Problem requirements:
In the records below, find the line holding "n1 = _N.new('ShaderNodeBackground');" and the line holding "me_icosphere = bpy.data.meshes.new('Icosphere')". Set down both, with every line between them, exactly.

Provided material:
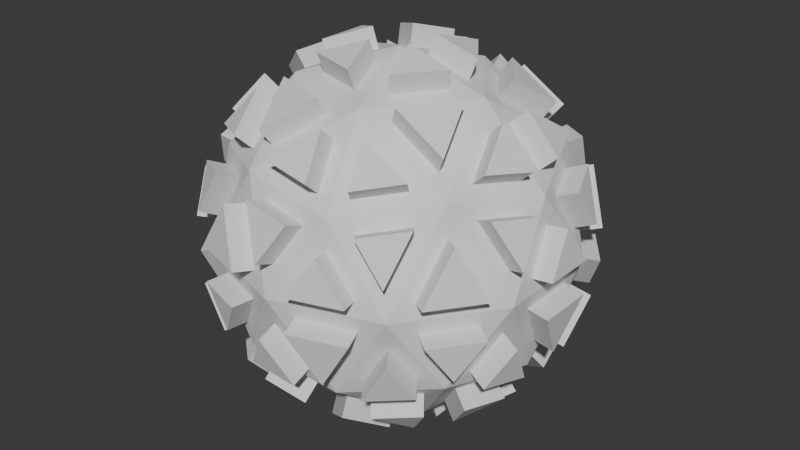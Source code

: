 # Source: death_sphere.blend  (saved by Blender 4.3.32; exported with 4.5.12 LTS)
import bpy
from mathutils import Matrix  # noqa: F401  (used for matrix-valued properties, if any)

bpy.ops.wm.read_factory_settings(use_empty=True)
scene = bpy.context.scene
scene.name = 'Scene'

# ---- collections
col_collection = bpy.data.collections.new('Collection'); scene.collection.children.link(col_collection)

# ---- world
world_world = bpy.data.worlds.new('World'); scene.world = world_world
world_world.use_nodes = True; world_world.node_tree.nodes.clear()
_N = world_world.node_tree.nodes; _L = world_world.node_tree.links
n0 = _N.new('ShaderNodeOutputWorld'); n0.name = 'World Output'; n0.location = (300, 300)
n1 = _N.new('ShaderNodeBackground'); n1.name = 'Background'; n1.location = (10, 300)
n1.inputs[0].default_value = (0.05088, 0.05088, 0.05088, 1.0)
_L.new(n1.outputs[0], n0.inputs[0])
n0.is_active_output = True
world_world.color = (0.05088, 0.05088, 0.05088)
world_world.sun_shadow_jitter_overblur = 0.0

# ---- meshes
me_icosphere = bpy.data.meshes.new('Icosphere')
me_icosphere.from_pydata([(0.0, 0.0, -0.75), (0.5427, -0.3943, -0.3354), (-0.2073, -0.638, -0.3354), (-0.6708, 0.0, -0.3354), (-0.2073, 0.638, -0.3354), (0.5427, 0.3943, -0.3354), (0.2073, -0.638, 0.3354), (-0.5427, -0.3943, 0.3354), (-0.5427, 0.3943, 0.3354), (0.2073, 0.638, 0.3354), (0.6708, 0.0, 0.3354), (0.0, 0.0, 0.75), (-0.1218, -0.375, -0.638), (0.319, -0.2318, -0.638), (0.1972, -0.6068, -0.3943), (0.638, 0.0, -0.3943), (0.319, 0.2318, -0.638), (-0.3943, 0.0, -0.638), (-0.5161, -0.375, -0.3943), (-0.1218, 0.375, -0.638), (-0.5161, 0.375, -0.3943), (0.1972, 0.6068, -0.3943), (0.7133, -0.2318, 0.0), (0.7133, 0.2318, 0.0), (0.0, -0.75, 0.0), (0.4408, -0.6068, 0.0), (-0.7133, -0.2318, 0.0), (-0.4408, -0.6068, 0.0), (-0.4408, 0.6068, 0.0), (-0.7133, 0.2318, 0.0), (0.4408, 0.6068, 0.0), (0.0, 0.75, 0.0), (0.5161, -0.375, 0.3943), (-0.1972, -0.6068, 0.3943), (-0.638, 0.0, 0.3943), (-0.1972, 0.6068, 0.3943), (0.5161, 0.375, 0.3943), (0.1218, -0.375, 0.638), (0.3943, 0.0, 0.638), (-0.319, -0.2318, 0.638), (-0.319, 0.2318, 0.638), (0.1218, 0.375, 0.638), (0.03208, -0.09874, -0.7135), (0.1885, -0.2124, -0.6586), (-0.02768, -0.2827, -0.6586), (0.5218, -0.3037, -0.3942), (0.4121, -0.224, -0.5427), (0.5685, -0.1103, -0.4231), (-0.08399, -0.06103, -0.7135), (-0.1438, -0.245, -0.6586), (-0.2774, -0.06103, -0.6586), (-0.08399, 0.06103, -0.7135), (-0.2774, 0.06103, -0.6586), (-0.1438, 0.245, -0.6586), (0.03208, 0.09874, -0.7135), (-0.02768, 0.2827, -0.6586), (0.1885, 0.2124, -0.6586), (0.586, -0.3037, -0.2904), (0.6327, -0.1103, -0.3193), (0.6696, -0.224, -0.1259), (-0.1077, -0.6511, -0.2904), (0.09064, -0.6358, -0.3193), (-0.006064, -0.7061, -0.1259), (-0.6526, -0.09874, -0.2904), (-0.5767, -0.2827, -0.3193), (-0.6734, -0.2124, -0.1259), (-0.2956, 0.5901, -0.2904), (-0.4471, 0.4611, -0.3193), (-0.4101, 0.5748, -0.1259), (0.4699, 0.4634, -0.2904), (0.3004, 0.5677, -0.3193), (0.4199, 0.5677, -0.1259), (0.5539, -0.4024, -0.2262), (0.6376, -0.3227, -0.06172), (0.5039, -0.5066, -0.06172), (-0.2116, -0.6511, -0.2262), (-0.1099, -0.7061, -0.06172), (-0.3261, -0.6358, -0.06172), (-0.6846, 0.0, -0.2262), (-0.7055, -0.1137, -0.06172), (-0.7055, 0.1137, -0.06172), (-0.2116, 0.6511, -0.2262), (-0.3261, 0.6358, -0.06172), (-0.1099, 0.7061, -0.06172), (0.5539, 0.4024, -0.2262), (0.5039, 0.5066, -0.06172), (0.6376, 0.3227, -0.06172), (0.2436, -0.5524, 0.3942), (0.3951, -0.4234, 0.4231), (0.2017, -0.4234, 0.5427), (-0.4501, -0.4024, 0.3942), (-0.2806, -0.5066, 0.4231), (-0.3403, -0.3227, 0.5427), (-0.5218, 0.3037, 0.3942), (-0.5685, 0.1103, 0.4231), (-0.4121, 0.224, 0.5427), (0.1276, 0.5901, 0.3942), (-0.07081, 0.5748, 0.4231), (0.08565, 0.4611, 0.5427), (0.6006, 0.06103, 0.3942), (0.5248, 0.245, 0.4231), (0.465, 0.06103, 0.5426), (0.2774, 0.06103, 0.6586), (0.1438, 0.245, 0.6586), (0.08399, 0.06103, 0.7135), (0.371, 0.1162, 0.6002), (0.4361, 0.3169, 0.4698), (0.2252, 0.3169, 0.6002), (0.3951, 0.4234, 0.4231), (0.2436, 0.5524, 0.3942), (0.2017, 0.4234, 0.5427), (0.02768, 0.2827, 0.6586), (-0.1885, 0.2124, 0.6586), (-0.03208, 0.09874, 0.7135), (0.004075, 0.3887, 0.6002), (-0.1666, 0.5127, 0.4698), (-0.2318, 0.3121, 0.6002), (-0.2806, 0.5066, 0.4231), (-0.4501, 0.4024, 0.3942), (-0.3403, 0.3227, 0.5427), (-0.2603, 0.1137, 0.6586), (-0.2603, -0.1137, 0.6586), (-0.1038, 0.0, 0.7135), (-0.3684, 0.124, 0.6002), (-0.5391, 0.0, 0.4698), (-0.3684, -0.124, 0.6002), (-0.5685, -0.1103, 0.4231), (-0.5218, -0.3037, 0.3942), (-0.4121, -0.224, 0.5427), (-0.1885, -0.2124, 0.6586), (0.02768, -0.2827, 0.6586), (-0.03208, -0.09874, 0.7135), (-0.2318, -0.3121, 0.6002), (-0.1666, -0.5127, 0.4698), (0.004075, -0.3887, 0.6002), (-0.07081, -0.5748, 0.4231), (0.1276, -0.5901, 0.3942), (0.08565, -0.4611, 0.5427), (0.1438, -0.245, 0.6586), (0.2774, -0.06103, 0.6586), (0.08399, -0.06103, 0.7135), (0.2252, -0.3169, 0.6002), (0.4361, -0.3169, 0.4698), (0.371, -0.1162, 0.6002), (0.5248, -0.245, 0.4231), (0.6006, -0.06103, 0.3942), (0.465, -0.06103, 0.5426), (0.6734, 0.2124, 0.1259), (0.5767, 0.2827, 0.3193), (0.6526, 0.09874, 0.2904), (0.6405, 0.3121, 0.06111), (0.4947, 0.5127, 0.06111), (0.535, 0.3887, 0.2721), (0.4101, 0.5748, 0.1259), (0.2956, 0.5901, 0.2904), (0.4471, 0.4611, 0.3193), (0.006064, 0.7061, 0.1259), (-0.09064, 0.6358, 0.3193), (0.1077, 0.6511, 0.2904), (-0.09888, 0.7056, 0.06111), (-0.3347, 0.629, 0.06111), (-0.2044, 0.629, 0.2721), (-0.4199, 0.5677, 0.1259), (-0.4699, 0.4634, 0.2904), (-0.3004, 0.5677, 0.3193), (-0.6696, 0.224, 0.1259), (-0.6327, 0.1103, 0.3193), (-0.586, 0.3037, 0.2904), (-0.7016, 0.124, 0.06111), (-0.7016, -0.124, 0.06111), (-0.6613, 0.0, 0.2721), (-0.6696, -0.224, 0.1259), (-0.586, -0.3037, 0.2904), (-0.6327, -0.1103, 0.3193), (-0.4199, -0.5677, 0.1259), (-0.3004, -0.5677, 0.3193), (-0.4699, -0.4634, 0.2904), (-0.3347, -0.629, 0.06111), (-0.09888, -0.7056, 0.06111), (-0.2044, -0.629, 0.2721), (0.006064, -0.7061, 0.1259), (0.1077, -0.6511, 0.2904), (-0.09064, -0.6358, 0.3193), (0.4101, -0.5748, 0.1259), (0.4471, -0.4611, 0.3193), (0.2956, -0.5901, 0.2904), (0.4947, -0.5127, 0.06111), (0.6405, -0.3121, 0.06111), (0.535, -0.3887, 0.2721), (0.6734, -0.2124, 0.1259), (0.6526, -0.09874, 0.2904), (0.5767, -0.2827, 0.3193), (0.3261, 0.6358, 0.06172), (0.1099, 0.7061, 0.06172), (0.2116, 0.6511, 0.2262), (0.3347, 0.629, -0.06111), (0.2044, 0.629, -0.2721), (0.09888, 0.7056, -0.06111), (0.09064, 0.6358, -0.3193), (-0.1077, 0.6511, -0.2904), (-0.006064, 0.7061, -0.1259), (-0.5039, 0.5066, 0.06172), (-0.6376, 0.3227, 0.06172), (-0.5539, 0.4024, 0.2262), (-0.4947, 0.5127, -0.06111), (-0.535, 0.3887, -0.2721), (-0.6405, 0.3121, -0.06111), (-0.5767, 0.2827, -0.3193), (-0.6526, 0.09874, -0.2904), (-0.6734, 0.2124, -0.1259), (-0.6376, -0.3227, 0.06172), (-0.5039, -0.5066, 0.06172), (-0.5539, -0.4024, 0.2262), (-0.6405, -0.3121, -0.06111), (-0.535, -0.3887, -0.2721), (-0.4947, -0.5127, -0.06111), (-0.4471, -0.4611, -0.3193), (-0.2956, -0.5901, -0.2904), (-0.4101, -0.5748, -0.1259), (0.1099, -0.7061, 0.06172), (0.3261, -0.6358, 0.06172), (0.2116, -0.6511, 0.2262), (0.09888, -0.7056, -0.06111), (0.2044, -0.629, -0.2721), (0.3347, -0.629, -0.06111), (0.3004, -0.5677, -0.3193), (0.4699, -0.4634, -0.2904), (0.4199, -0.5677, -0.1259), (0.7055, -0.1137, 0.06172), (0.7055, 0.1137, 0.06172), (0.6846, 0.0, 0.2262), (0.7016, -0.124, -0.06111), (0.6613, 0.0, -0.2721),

Answer to this problem:
n1 = _N.new('ShaderNodeBackground'); n1.name = 'Background'; n1.location = (10, 300)
n1.inputs[0].default_value = (0.05088, 0.05088, 0.05088, 1.0)
_L.new(n1.outputs[0], n0.inputs[0])
n0.is_active_output = True
world_world.color = (0.05088, 0.05088, 0.05088)
world_world.sun_shadow_jitter_overblur = 0.0

# ---- meshes
me_icosphere = bpy.data.meshes.new('Icosphere')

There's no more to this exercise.